The British Association of Dermatologists is now on the alert for patients with warning signs of “unusual orange tans” and “disordered moles”.
Some sellers claim their products are safe – but Dr Catherine Borysiewicz, from the association, says the only safe tan is fake tan.
“We have evidence these products are potentially dangerous and can potentially lead to cancer,” she says.
“We have cases which have shown melanoma developing after trying them.
“I talk about skin risks – but who knows what else it might be doing?”
Dozens of influencers have posted about using melanotan-2.
It is not illegal to use or promote these tanning products, despite the health risks, but it is illegal to sell them.
Geordie Shore star Bethan Kershaw recently told her 700,000 followers she had used nasal sprays from a company called Real Tan.
Both she and the company declined to comment.
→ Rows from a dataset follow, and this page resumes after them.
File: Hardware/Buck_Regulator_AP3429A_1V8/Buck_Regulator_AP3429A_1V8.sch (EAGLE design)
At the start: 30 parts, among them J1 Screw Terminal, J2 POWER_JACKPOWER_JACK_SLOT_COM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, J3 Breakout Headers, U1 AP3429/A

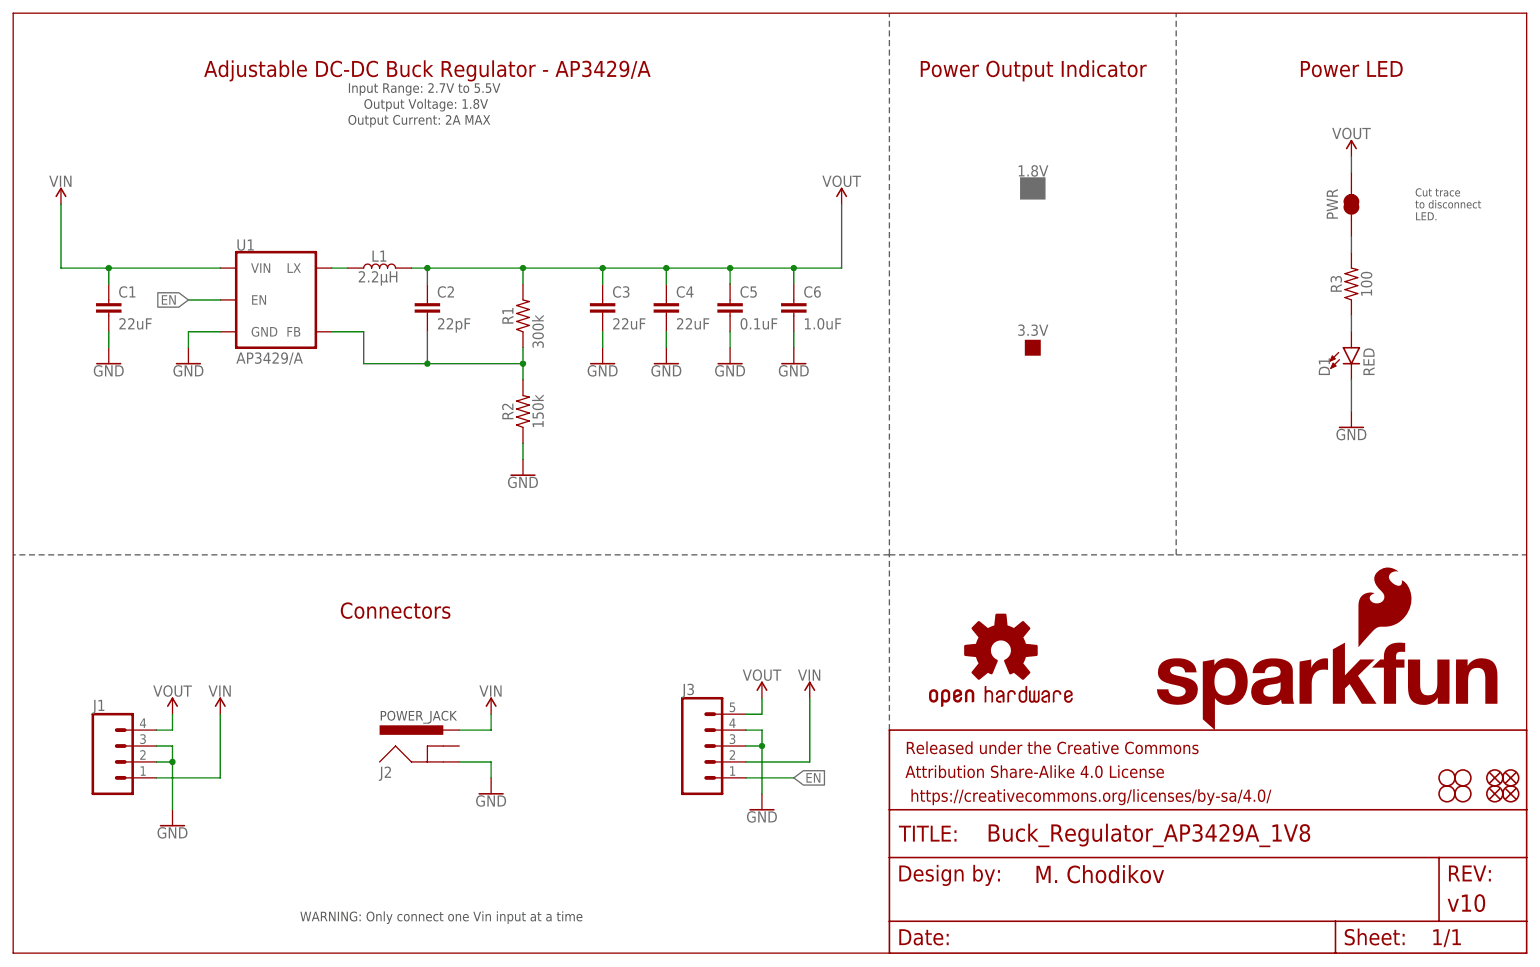
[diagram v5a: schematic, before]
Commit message: V11 Design Update
Added 100k resistor to pull EN high to VIN for an easier plug and play application.
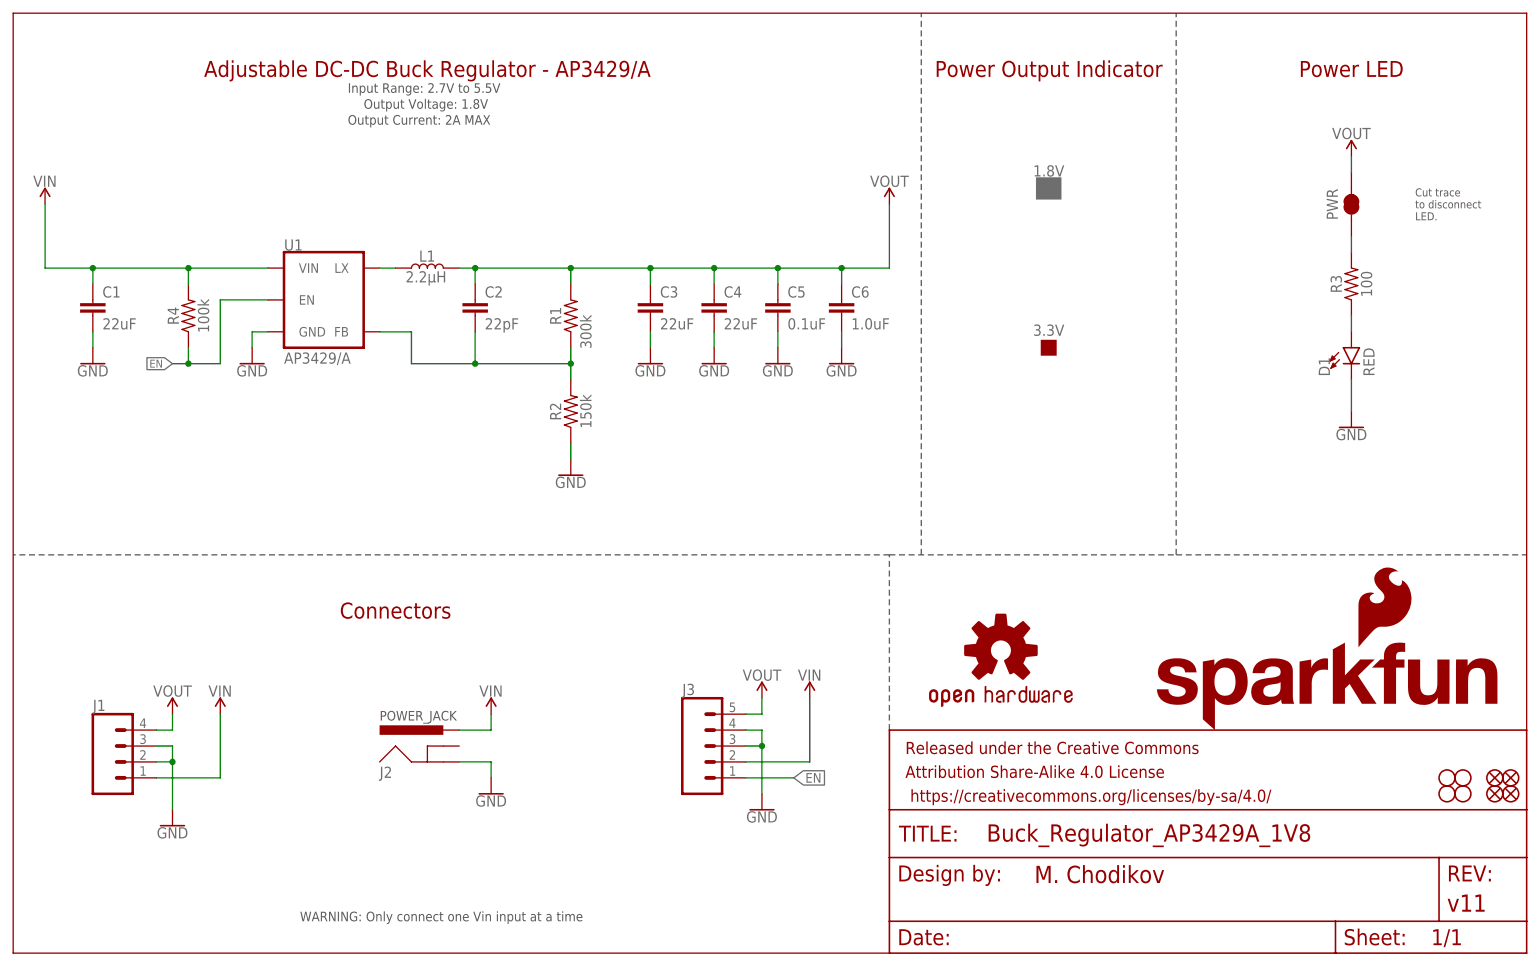
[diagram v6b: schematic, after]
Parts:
- added R4: 100k, SparkFun-Resistors:100KOHM-0603-1/10W-1%
- FRAME1: REV v10 -> v11
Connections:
- net EN: now also R4.1
- net VIN: now also R4.2
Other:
- moved on the sheet: 1.8V, 3.3V, C1, C2, C3, C4, C5, C6, L1, R1, R2, U1

Other influencers are more explicit – TikTok star Lauren demonstrated on camera how to inhale the drug.
A company had offered the 26-year-old, from Glasgow, free nasal sprays if she would promote their products.
But after two months, she stopped taking them because they made her feel sick.
“As an influencer, I need to be more careful what I’m promoting,” Lauren says.
“I have got to look out for my followers, a lot of them are young.”
BBC News has also seen many examples of celebrities directing their followers to businesses selling melanotan-2 products.
The most high-profile example is reality-TV star Charlotte Crosby, who on one occasion told her followers to “check out” Real Tan and tagged the company in a separate post talking about her tan.
A representative for Ms Crosby, who has 7.6 million Instagram followers, says she “would never knowingly promote a company illegally selling unlicensed products”.
We are told she has only ever used items from Real Tan which do not contain melanotan-2; these are moisturising creams “gifted to her” and gels she posted about as a favour, to promote their launch.
But these clarifications were not mentioned in her posts.
And there was no mention of creams or gels in Real Tan’s price list after Ms Crosby posted about the seller, only injections and nasal sprays.
A more recent price list says “sun accelerator creams available soon”.
BBC News asked research chemists at Imperial College London to analyse 10 tanning kits.
They would expect to find about 10 ingredients in a licensed medicine but were shocked to discover some of the products contained more than 100 unidentified ingredients.
They also confirmed the presence of melanotan-2.
“If you don’t know what you’re taking, you should probably avoid it,” Prof Tony Cass says.
He likened the risk to Russian roulette but added: “It’s more like using a machine gun than a pistol.”
The Medicines and Healthcare products Regulatory Agency says it has spent 10 years targeting melanotan products.
Instagram and TikTok say selling the drug on their platforms is banned and promotional content will be taken down.
But despite this, the illegal tanning industry is thriving.